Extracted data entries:
--
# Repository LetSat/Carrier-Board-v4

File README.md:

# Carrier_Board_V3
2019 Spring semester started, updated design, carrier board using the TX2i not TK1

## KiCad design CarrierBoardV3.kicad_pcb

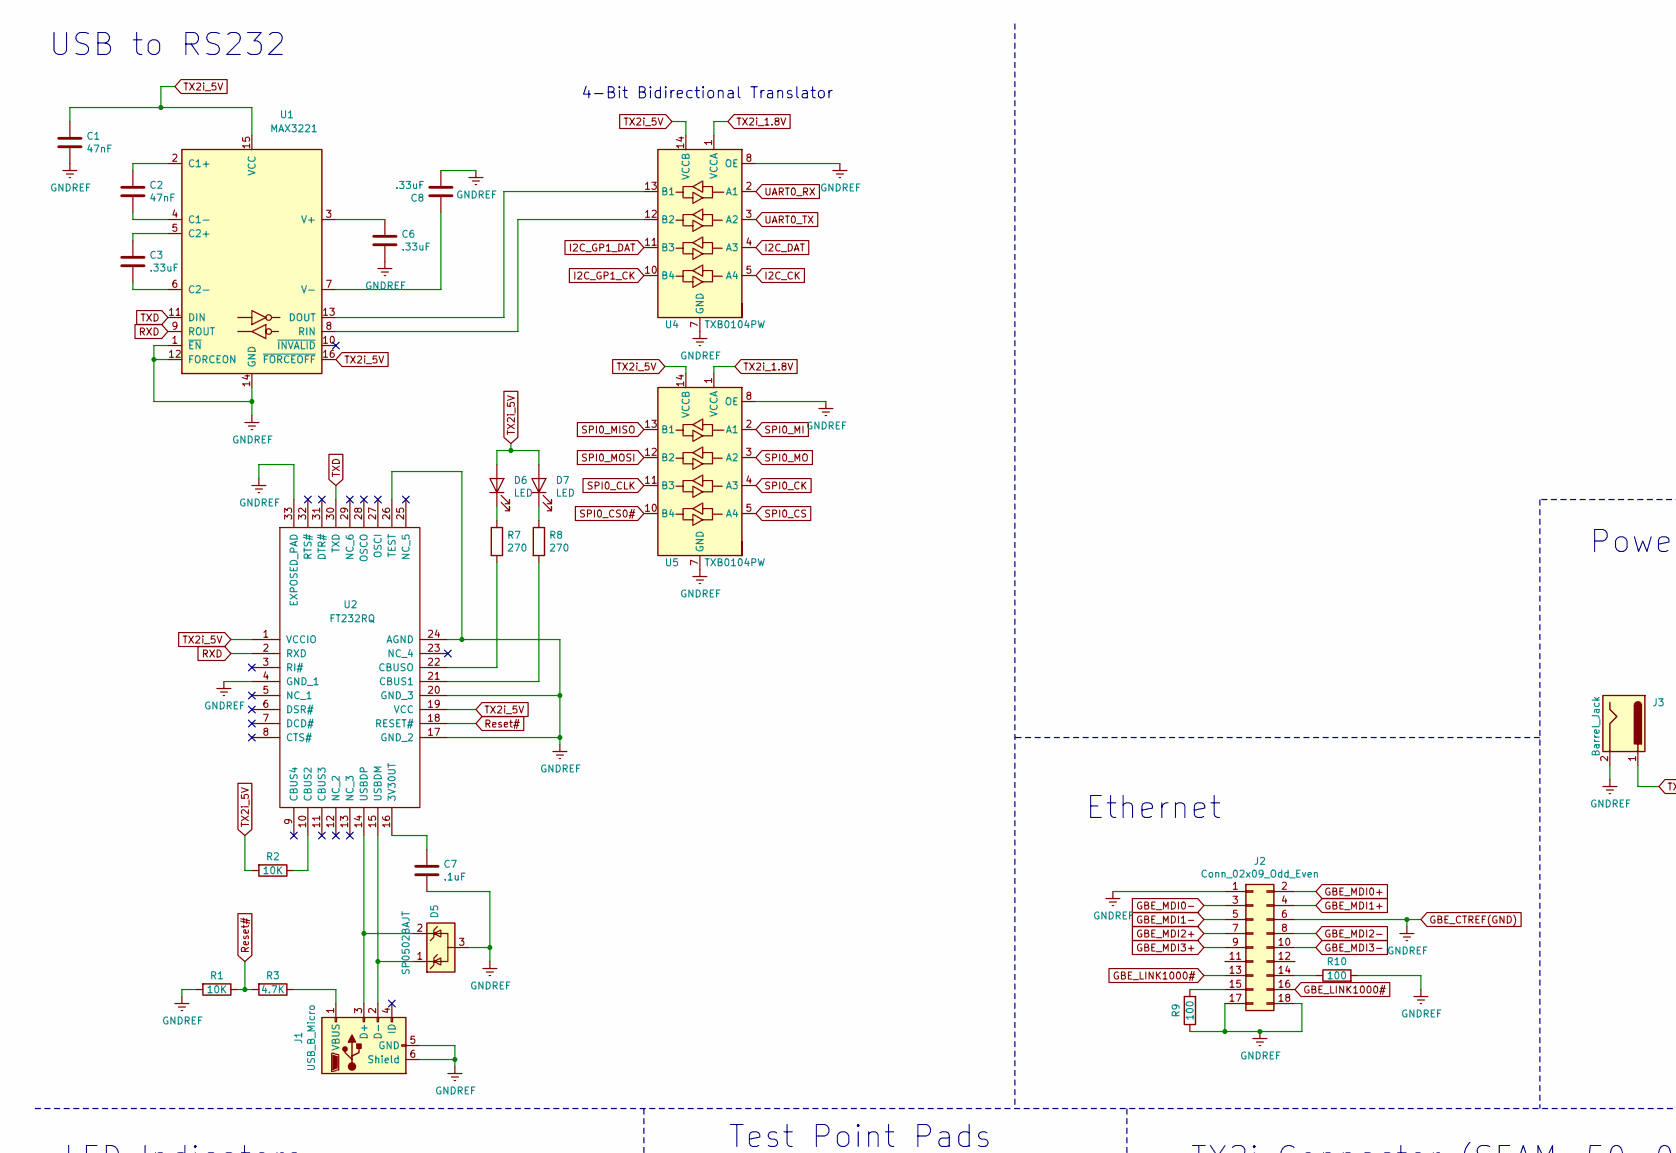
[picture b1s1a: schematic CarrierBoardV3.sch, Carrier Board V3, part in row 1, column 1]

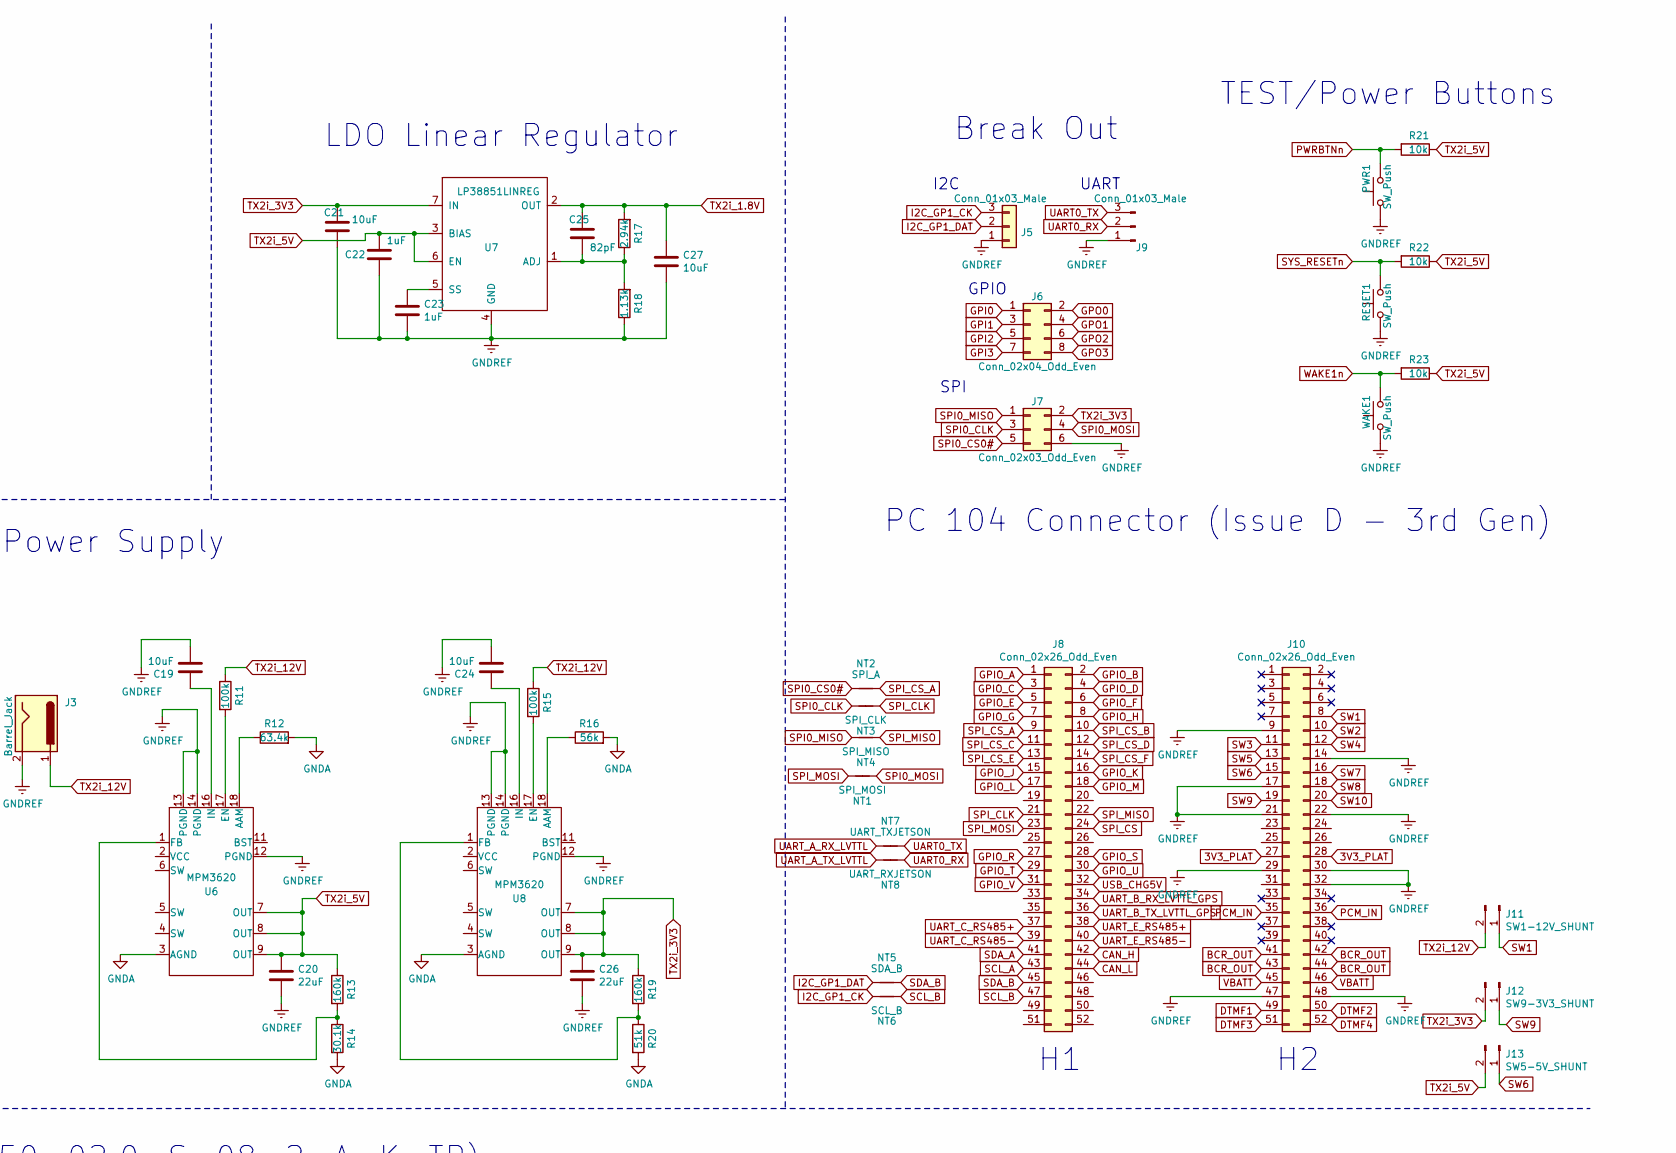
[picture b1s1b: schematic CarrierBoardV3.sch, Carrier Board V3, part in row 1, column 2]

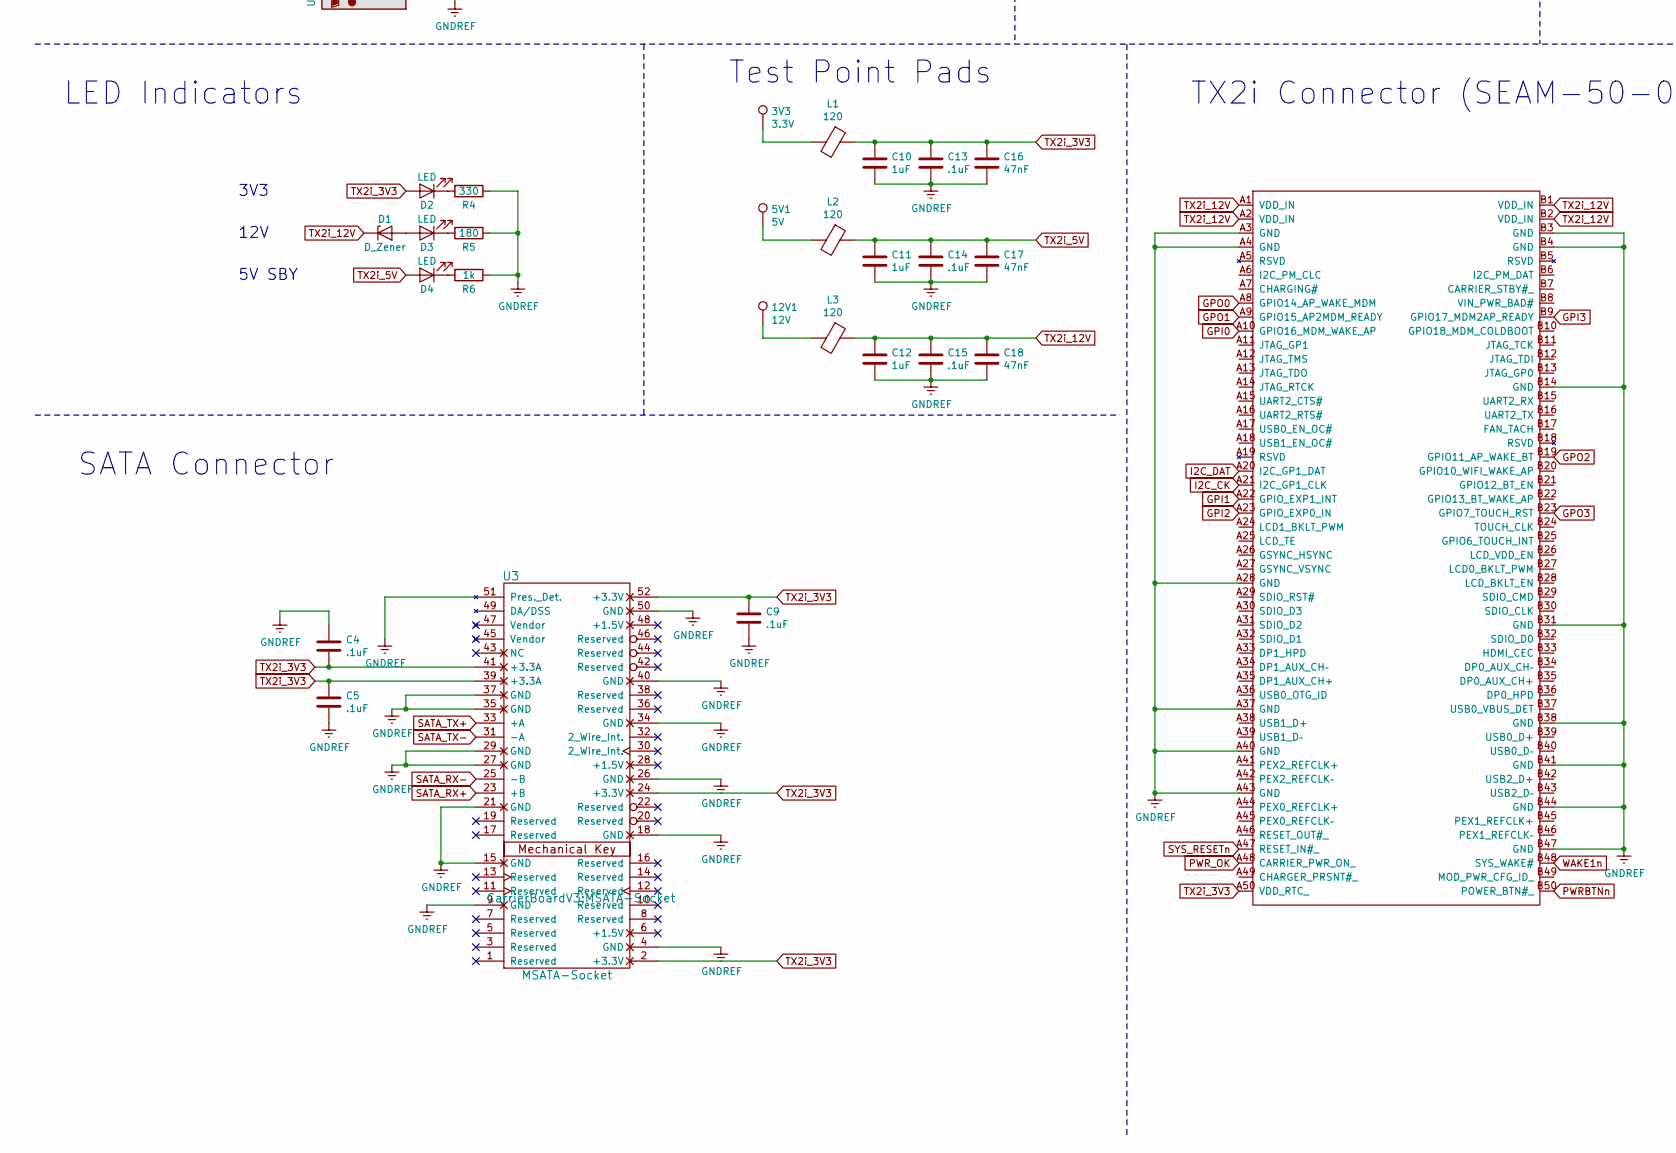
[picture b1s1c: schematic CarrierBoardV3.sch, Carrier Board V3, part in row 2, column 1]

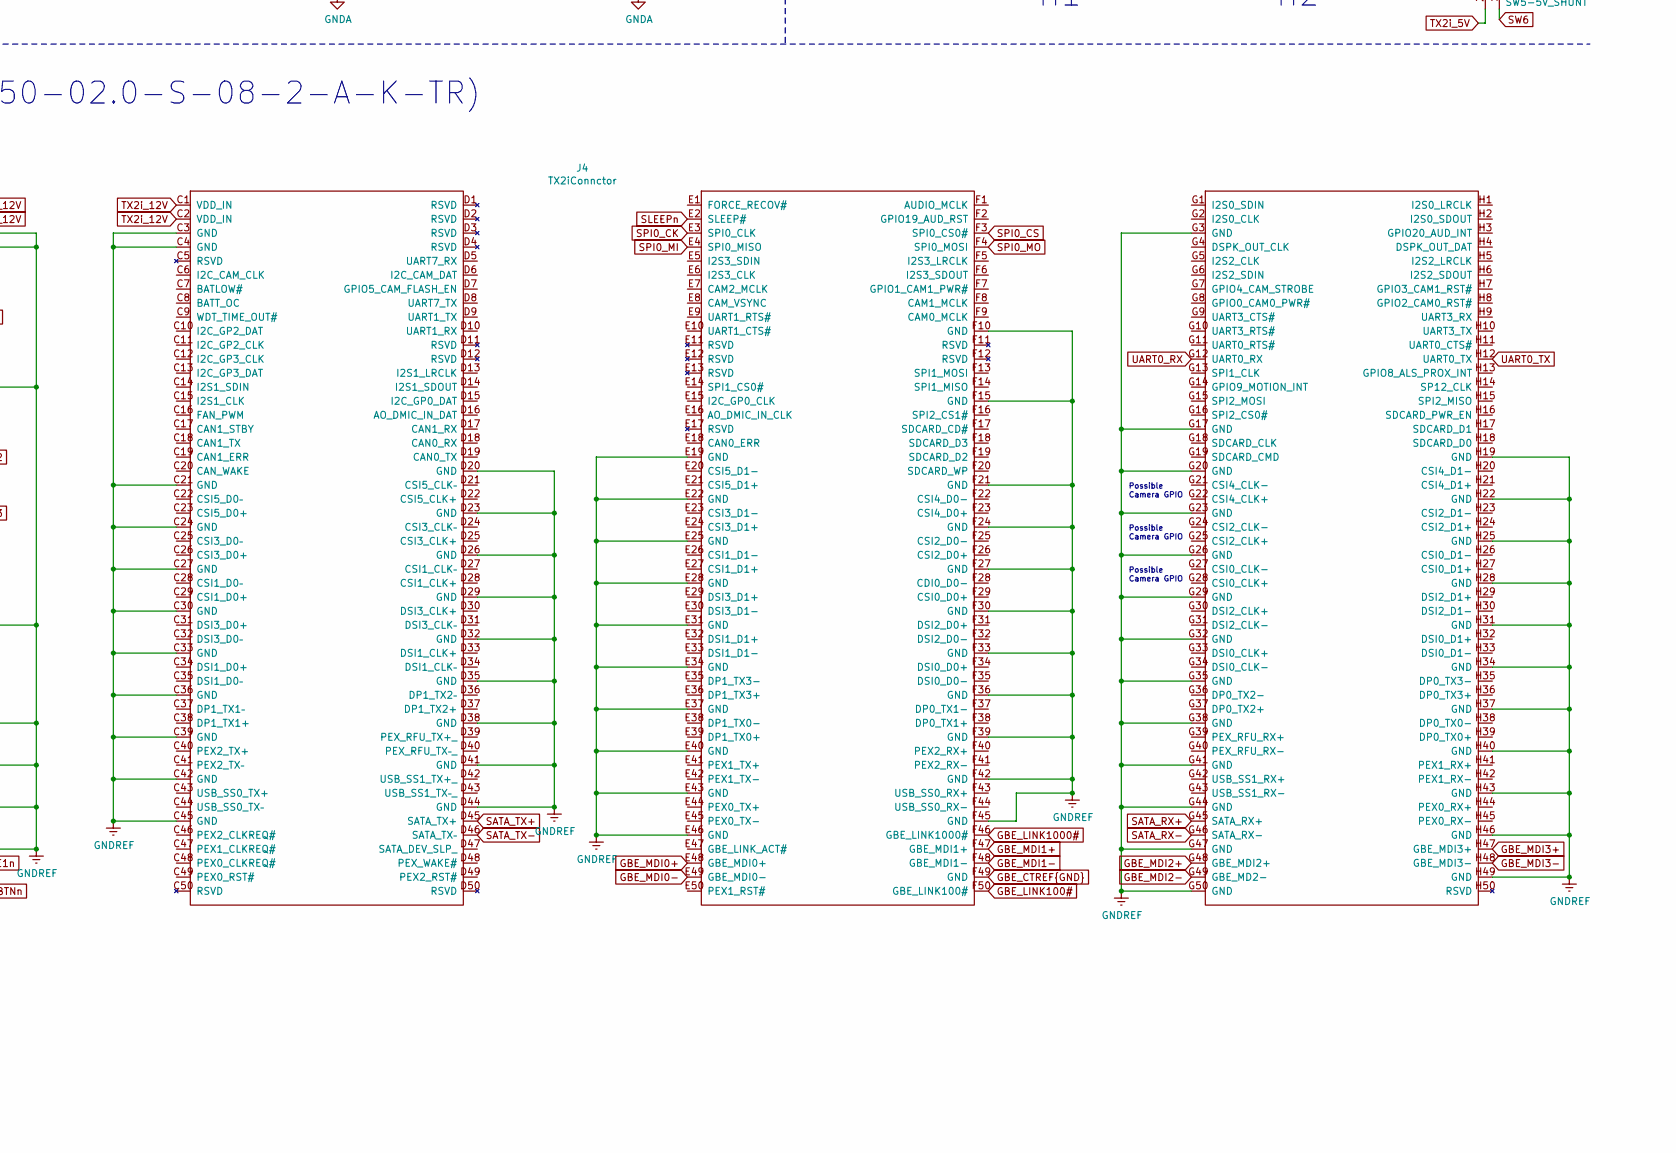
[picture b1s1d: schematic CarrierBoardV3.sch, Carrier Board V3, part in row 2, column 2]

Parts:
3V3: 3.3V; TestPoint_Pad_4.0x4.0mm
5V1: 5V; TestPoint_Pad_4.0x4.0mm
12V1: 12V; TestPoint_Pad_4.0x4.0mm
C1, C2, C16, C17, C18: 47nF; C_0603_1608Metric
C3, C6, C8: .33uF; C_0603_1608Metric
C4, C5, C7, C9, C13, C14, C15: .1uF; C_0603_1608Metric
C10, C11, C12, C22, C23: 1uF; C_0603_1608Metric
C19, C21, C24, C27: 10uF; C_0603_1608Metric
C20, C26: 22uF; C_0603_1608Metric
C25: 82pF; C_0603_1608Metric
D1: D_Zener; LED_0603_1608Metric
D2, D3, D4, D6, D7: LED; LED_0603_1608Metric
D5: SP0502BAJT; SOT-323_SC-70
J1: USB_B_Micro; USB_Micro-B_Molex-105017-0001
J2: Conn_02x09_Odd_Even; Ethernet
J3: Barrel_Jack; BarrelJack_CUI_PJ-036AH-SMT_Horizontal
--
*Exercise goal*: Copy out every entry above, character for character, excluding pictures.

*Result for this exercise*:
# Repository LetSat/Carrier-Board-v4

File README.md:

# Carrier_Board_V3
2019 Spring semester started, updated design, carrier board using the TX2i not TK1

## KiCad design CarrierBoardV3.kicad_pcb

[picture b1s1a: schematic CarrierBoardV3.sch, Carrier Board V3, part in row 1, column 1]

[picture b1s1b: schematic CarrierBoardV3.sch, Carrier Board V3, part in row 1, column 2]

[picture b1s1c: schematic CarrierBoardV3.sch, Carrier Board V3, part in row 2, column 1]

[picture b1s1d: schematic CarrierBoardV3.sch, Carrier Board V3, part in row 2, column 2]

Parts:
3V3: 3.3V; TestPoint_Pad_4.0x4.0mm
5V1: 5V; TestPoint_Pad_4.0x4.0mm
12V1: 12V; TestPoint_Pad_4.0x4.0mm
C1, C2, C16, C17, C18: 47nF; C_0603_1608Metric
C3, C6, C8: .33uF; C_0603_1608Metric
C4, C5, C7, C9, C13, C14, C15: .1uF; C_0603_1608Metric
C10, C11, C12, C22, C23: 1uF; C_0603_1608Metric
C19, C21, C24, C27: 10uF; C_0603_1608Metric
C20, C26: 22uF; C_0603_1608Metric
C25: 82pF; C_0603_1608Metric
D1: D_Zener; LED_0603_1608Metric
D2, D3, D4, D6, D7: LED; LED_0603_1608Metric
D5: SP0502BAJT; SOT-323_SC-70
J1: USB_B_Micro; USB_Micro-B_Molex-105017-0001
J2: Conn_02x09_Odd_Even; Ethernet
J3: Barrel_Jack; BarrelJack_CUI_PJ-036AH-SMT_Horizontal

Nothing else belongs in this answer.